The system enables pixel-level alignment between shape and spectral data, allowing detailed visualization of traits like chlorophyll distribution across plant surfaces.
Traditional plant phenotyping relies on 3D imaging to measure structure and on spectral analysis to evaluate biochemical status. Existing devices often collect these datasets separately, complicating data fusion and limiting spatial-biochemical interpretation. Spectral imaging is widely used for nutrient detection, stress diagnosis, and mineral mapping, whereas 3D imaging offers precise geometric information. However, uniting both in a single platform remains technically challenging due to registration mismatch, resolution differences, and computational complexity. Based on these challenges, there is an urgent need for an integrated system that acquires structural and spectral information simultaneously for comprehensive 4D phenotyping.
A study (DOI: 10.1016/j.plaphe.2025.100105) published in Plant Phenomics on 20 September 2025 by Ziru Yu’s team, Sun Yat-Sen University, offers a non-destructive and scalable solution for real-time plant phenotyping, precision agriculture and digital crop management.

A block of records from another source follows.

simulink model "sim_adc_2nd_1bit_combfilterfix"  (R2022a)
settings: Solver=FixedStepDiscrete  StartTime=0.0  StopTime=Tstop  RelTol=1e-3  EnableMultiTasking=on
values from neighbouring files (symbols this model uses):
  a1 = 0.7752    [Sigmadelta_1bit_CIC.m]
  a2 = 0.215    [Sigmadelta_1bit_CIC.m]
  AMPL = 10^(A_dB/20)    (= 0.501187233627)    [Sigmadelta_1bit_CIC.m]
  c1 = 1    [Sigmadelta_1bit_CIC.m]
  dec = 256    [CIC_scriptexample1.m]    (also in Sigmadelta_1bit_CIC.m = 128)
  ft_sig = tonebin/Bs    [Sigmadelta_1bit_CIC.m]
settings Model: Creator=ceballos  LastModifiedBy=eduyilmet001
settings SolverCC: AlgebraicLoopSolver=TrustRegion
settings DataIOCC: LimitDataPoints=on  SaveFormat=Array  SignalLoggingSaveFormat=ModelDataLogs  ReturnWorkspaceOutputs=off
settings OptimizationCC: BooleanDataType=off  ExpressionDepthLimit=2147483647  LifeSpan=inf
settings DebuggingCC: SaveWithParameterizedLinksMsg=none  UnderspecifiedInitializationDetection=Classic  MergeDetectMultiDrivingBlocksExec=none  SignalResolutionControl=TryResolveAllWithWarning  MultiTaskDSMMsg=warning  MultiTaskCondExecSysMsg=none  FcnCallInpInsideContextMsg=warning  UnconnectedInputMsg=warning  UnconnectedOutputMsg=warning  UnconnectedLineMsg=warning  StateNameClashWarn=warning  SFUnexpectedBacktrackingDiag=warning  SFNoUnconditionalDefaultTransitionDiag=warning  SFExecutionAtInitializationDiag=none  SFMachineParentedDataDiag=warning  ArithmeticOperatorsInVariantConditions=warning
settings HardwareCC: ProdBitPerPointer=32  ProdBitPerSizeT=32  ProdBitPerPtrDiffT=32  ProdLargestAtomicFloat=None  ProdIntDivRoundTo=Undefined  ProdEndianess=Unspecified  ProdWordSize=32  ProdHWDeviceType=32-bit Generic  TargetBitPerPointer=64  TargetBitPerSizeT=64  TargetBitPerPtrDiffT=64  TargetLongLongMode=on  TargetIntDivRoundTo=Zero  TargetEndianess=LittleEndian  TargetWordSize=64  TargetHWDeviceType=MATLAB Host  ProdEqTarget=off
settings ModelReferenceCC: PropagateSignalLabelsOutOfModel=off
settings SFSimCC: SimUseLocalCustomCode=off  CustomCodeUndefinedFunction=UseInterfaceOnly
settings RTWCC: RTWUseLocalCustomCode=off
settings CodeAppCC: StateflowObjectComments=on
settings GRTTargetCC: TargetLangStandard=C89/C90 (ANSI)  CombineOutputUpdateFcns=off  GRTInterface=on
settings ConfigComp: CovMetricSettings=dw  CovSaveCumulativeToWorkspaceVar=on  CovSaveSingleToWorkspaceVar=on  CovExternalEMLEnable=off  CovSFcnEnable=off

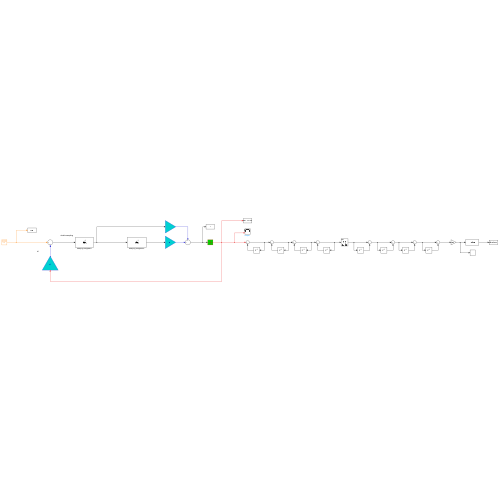
[thumbnail: Simulink's stored preview of the top-level diagram]
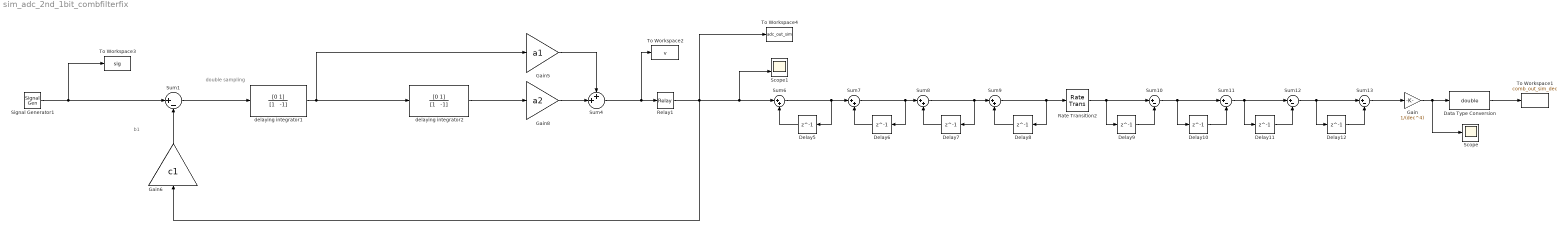
== system sim_adc_2nd_1bit_combfilterfix ==
  note: double sampling
  note: b1
  Data Type Conversion : DataTypeConversion  OutDataTypeStr=double  SaturateOnIntegerOverflow=off  RndMeth=Floor
  Delay{5..12} (8 alike) : Delay  DelayLength=1  InitialCondition=0
  Gain : Gain  Gain=1/(dec^4)
  Gain5 : Gain  Gain=a1  SaturateOnIntegerOverflow=on  OutDataTypeStr=Inherit: Same as input  ParamDataTypeStr=Inherit: Same as input
  Gain6 : Gain  Gain=c1  SaturateOnIntegerOverflow=on  OutDataTypeStr=Inherit: Same as input  ParamDataTypeStr=Inherit: Same as input
  Gain8 : Gain  Gain=a2  SaturateOnIntegerOverflow=on  OutDataTypeStr=Inherit: Same as input  ParamDataTypeStr=Inherit: Same as input
  Rate Transition2 : RateTransition  OutPortSampleTimeOpt=Multiple of input port sample time  OutPortSampleTimeMultiple=dec
  Relay1 : Relay  OffSwitchValue=-eps  OffOutputValue=-1
  Scope : Scope
  Scope1 : Scope  NumInputPorts=2
  Signal Generator1 : SignalGenerator  Amplitude=AMPL  Frequency=ft_sig
  Sum1 : Sum  Inputs=|+-  InputSameDT=on  SaturateOnIntegerOverflow=on  OutDataTypeStr=Inherit: Same as first input
  Sum{10..13} (4 alike) : Sum  Inputs=|+-  AccumDataTypeStr=fixdt(1,32,0)  OutDataTypeStr=Inherit: Same as accumulator
  Sum4 : Sum  Inputs=++|  InputSameDT=on  SaturateOnIntegerOverflow=on  OutDataTypeStr=Inherit: Same as first input
  Sum{6..9} (4 alike) : Sum  Inputs=|++  AccumDataTypeStr=fixdt(1,32,0)  OutDataTypeStr=Inherit: Same as accumulator
  To Workspace1 : ToWorkspace  VariableName=comb_out_sim_dec  SampleTime=-1
  To Workspace2 : ToWorkspace  VariableName=v  SampleTime=1
  To Workspace3 : ToWorkspace  VariableName=sig  SampleTime=1
  To Workspace4 : ToWorkspace  VariableName=adc_out_sim  SampleTime=1
  "delaying integrator1 " : DiscreteFilter  Numerator=[0 1]  Denominator="[1   -1]"  SampleTime=1
  "delaying integrator2 " : DiscreteFilter  Numerator=[0 1]  Denominator="[1   -1]"  SampleTime=1
  wires:
  "delaying integrator1 "/1 -> "delaying integrator2 "/1, Gain5/1
  Sum4/1 -> To Workspace2/1, Relay1/1
  Sum1/1 -> "delaying integrator1 "/1
  "delaying integrator2 "/1 -> Gain8/1
  Gain5/1 -> Sum4/1
  Gain8/1 -> Sum4/2
  Signal Generator1/1 -> Sum1/1, To Workspace3/1
  Gain6/1 -> Sum1/2
  Sum12/1 -> Delay12/1, Sum13/1
  Delay8/1 -> Sum9/2
  Sum11/1 -> Delay11/1, Sum12/1
  Delay11/1 -> Sum12/2
  Sum7/1 -> Sum8/1, Delay6/1
  Sum6/1 -> Sum7/1, Delay5/1
  Delay10/1 -> Sum11/2
  Sum8/1 -> Sum9/1, Delay7/1
  Relay1/1 -> Scope1/2, Sum6/1, Gain6/1, To Workspace4/1
  Rate Transition2/1 -> Delay9/1, Sum10/1
  Sum10/1 -> Delay10/1, Sum11/1
  Delay6/1 -> Sum7/2
  Delay9/1 -> Sum10/2
  Delay12/1 -> Sum13/2
  Sum9/1 -> Rate Transition2/1, Delay8/1
  Delay7/1 -> Sum8/2
  Delay5/1 -> Sum6/2
  Data Type Conversion/1 -> To Workspace1/1
  Sum13/1 -> Gain/1
  Gain/1 -> Scope/1, Data Type Conversion/1
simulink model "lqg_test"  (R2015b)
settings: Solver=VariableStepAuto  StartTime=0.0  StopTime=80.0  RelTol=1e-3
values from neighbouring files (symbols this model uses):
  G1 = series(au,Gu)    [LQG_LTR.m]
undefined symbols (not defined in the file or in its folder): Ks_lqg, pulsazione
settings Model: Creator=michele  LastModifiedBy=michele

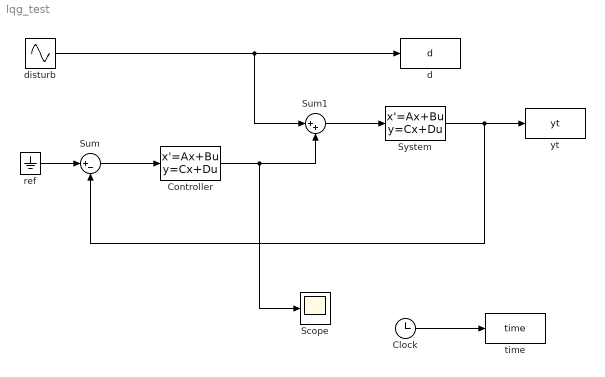
== system lqg_test ==
  Clock : Clock
  Controller : StateSpace  A=Ks_lqg.a  B=Ks_lqg.b  C=Ks_lqg.c  D=Ks_lqg.d  X0=0
  Scope : Scope
  Sum : Sum  Inputs=|+-
  Sum1 : Sum  Inputs=|++
  System : StateSpace  A=G1.NominalValue.a  B=G1.NominalValue.b  C=G1.NominalValue.c  D=G1.NominalValue.d  X0=0
  d : ToWorkspace  VariableName=d  SaveFormat=Timeseries  SampleTime=-1
  disturb : Sin  Frequency=pulsazione  SampleTime=0
  ref : Ground
  time : ToWorkspace  VariableName=time  SaveFormat=Timeseries  SampleTime=-1
  yt : ToWorkspace  VariableName=yt  SaveFormat=Timeseries  SampleTime=-1
  wires:
  Sum1/1 -> System/1
  System/1 -> Sum/2, yt/1
  Sum/1 -> Controller/1
  ref/1 -> Sum/1
  disturb/1 -> Sum1/1, d/1
  Clock/1 -> time/1
  Controller/1 -> Scope/1, Sum1/2

In this study, a series of experimental demonstrations were carried out to validate the binocular multispectral stereo imaging (BMSI) system, beginning with precise system calibration, then spectral image segmentation, 3D reconstruction performance evaluation, and finally chlorophyll (Chl) mapping on plant surfaces. First, the camera’s intrinsic and extrinsic parameters and distortion coefficients were estimated using Zhang’s method with an 11 × 9 checkerboard, yielding reprojection errors of 0.067 and 0.089 pixels for the left and right imagers and 0.094 pixels for the binocular system. The compact 10-band prototype (713–920 nm) supports mobile use and completes a full 4D workflow—optimal index factor (OIF) band selection, fusion, segmentation, and reconstruction—within 7.546 s. To optimize segmentation, spectral images acquired under controlled lab conditions were analyzed across 120 band combinations, and the best trio (bands 0, 7, 9) was fused and transformed into HSV space. The resulting algorithm was compared against Otsu, K-means, graph-based, and watershed methods on two plant species, including a highly reflective sample. System performance was further assessed by reconstructing planar calibration plates positioned from 700 to 1500 mm, followed by noise removal, spectral correction, and plane fitting to evaluate standard deviation, RMSE, and residual distributions. Finally, first-order derivatives and the normalized difference red edge (NDRE) index were computed from the spectral data to derive Chl distribution on 3D plant models. The calibrated system achieved a plane-fitting standard deviation of 0.9778 mm and MAE of 0.778 mm, with RMSE minimized (0.89 mm) in the 900–1220 mm optimal range and R² maintained at 0.8–0.9 over most distances. The proposed fusion–HSV segmentation outperformed all four baseline methods, achieving higher SM/UM/RPD scores, ~37.6% improvement in shadow separation, ~92% feature preservation, and <5.2% organ geometry error. Reconstructed 4D plant models showed dense, smooth point clouds with clear leaf edges, and NDRE–derivative analysis consistently distinguished regions with lower Chl (redshifted RE, dimmer NDRE colors) from healthier, high-Chl regions, confirming the system’s robustness for detailed, spatially resolved plant phenotyping.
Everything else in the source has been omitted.